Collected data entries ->
+ + + + +

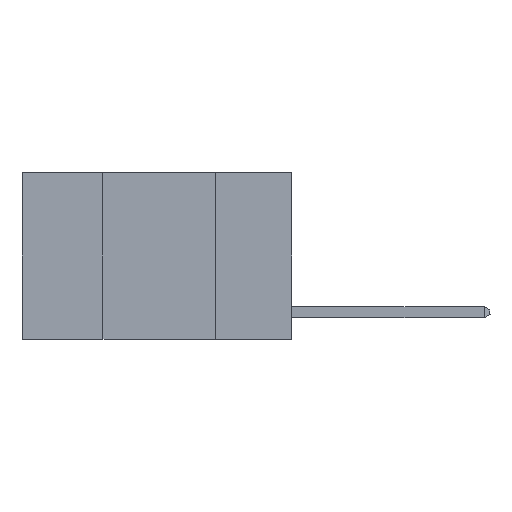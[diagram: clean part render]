
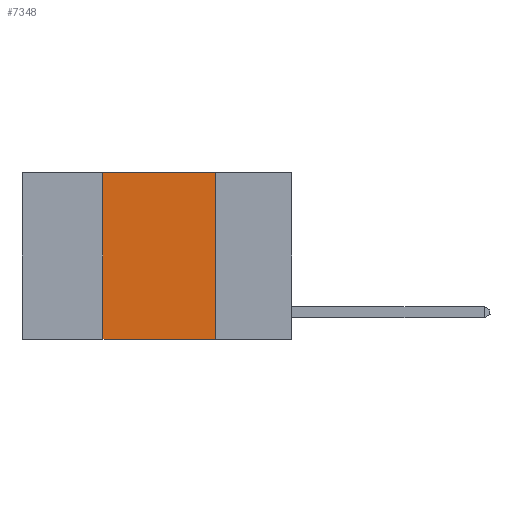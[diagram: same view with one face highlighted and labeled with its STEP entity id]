
A CAD part, left-side view. The second image highlights one B-rep face of the part: STEP entity #7348.
In plain terms, the highlighted planar face has unit normal (-1, 0, 0).
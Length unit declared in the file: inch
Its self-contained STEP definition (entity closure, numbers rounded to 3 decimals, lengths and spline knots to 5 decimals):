
#157 = LINE ( 'NONE', #2202, #3167 ) ;
#168 = VECTOR ( 'NONE', #4818, 39.37008 ) ;
#343 = DIRECTION ( 'NONE',  ( 0., -1., 0. ) ) ;
#431 = FACE_OUTER_BOUND ( 'NONE', #5606, .T. ) ;
#478 = CARTESIAN_POINT ( 'NONE',  ( 0., 0.17, -0.37 ) ) ;
#905 = CARTESIAN_POINT ( 'NONE',  ( 0., 0.6, 0. ) ) ;
#1544 = CARTESIAN_POINT ( 'NONE',  ( 0., 0.17, 0. ) ) ;
#1646 = AXIS2_PLACEMENT_3D ( 'NONE', #5226, #1904, #7215 ) ;
#1904 = DIRECTION ( 'NONE',  ( 1., 0., 0. ) ) ;
#2012 = VERTEX_POINT ( 'NONE', #8241 ) ;
#2179 = VERTEX_POINT ( 'NONE', #478 ) ;
#2202 = CARTESIAN_POINT ( 'NONE',  ( 0., 0.42, 0. ) ) ;
#2631 = CARTESIAN_POINT ( 'NONE',  ( 0., 0.42, -0.37 ) ) ;
#2986 = DIRECTION ( 'NONE',  ( 0., 0., 1. ) ) ;
#3125 = VERTEX_POINT ( 'NONE', #2631 ) ;
#3167 = VECTOR ( 'NONE', #2986, 39.37008 ) ;
#3284 = CARTESIAN_POINT ( 'NONE',  ( 0., 0.6, -0.37 ) ) ;
#4041 = ORIENTED_EDGE ( 'NONE', *, *, #4076, .F. ) ;
#4066 = DIRECTION ( 'NONE',  ( 0., -1., 0. ) ) ;
#4076 = EDGE_CURVE ( 'NONE', #2012, #2179, #7421, .T. ) ;
#4309 = LINE ( 'NONE', #905, #4576 ) ;
#4576 = VECTOR ( 'NONE', #343, 39.37008 ) ;
#4645 = LINE ( 'NONE', #3284, #4680 ) ;
#4680 = VECTOR ( 'NONE', #4066, 39.37008 ) ;
#4796 = ORIENTED_EDGE ( 'NONE', *, *, #6401, .F. ) ;
#4818 = DIRECTION ( 'NONE',  ( 0., 0., -1. ) ) ;
#5226 = CARTESIAN_POINT ( 'NONE',  ( 0., 0.6, 0. ) ) ;
#5461 = VERTEX_POINT ( 'NONE', #6539 ) ;
#5592 = EDGE_CURVE ( 'NONE', #3125, #2179, #4645, .T. ) ;
#5606 = EDGE_LOOP ( 'NONE', ( #4041, #7131, #4796, #7378 ) ) ;
#6401 = EDGE_CURVE ( 'NONE', #3125, #5461, #157, .T. ) ;
#6539 = CARTESIAN_POINT ( 'NONE',  ( 0., 0.42, 0. ) ) ;
#7131 = ORIENTED_EDGE ( 'NONE', *, *, #7332, .F. ) ;
#7215 = DIRECTION ( 'NONE',  ( 0., 0., -1. ) ) ;
#7332 = EDGE_CURVE ( 'NONE', #5461, #2012, #4309, .T. ) ;
#7348 = ADVANCED_FACE ( 'NONE', ( #431 ), #7891, .F. ) ;
#7378 = ORIENTED_EDGE ( 'NONE', *, *, #5592, .T. ) ;
#7421 = LINE ( 'NONE', #1544, #168 ) ;
#7891 = PLANE ( 'NONE',  #1646 ) ;
#8241 = CARTESIAN_POINT ( 'NONE',  ( 0., 0.17, 0. ) ) ;

+ + + + +

Print out the entries above word for word from the first line to the line containing "#478 = CARTESIAN_POINT", both included, omitting the pictures.

[diagram: clean part render]
[diagram: same view with one face highlighted and labeled with its STEP entity id]
A CAD part, left-side view. The second image highlights one B-rep face of the part: STEP entity #7348.
In plain terms, the highlighted planar face has unit normal (-1, 0, 0).
Length unit declared in the file: inch
Its self-contained STEP definition (entity closure, numbers rounded to 3 decimals, lengths and spline knots to 5 decimals):
#157 = LINE ( 'NONE', #2202, #3167 ) ;
#168 = VECTOR ( 'NONE', #4818, 39.37008 ) ;
#343 = DIRECTION ( 'NONE',  ( 0., -1., 0. ) ) ;
#431 = FACE_OUTER_BOUND ( 'NONE', #5606, .T. ) ;
#478 = CARTESIAN_POINT ( 'NONE',  ( 0., 0.17, -0.37 ) ) ;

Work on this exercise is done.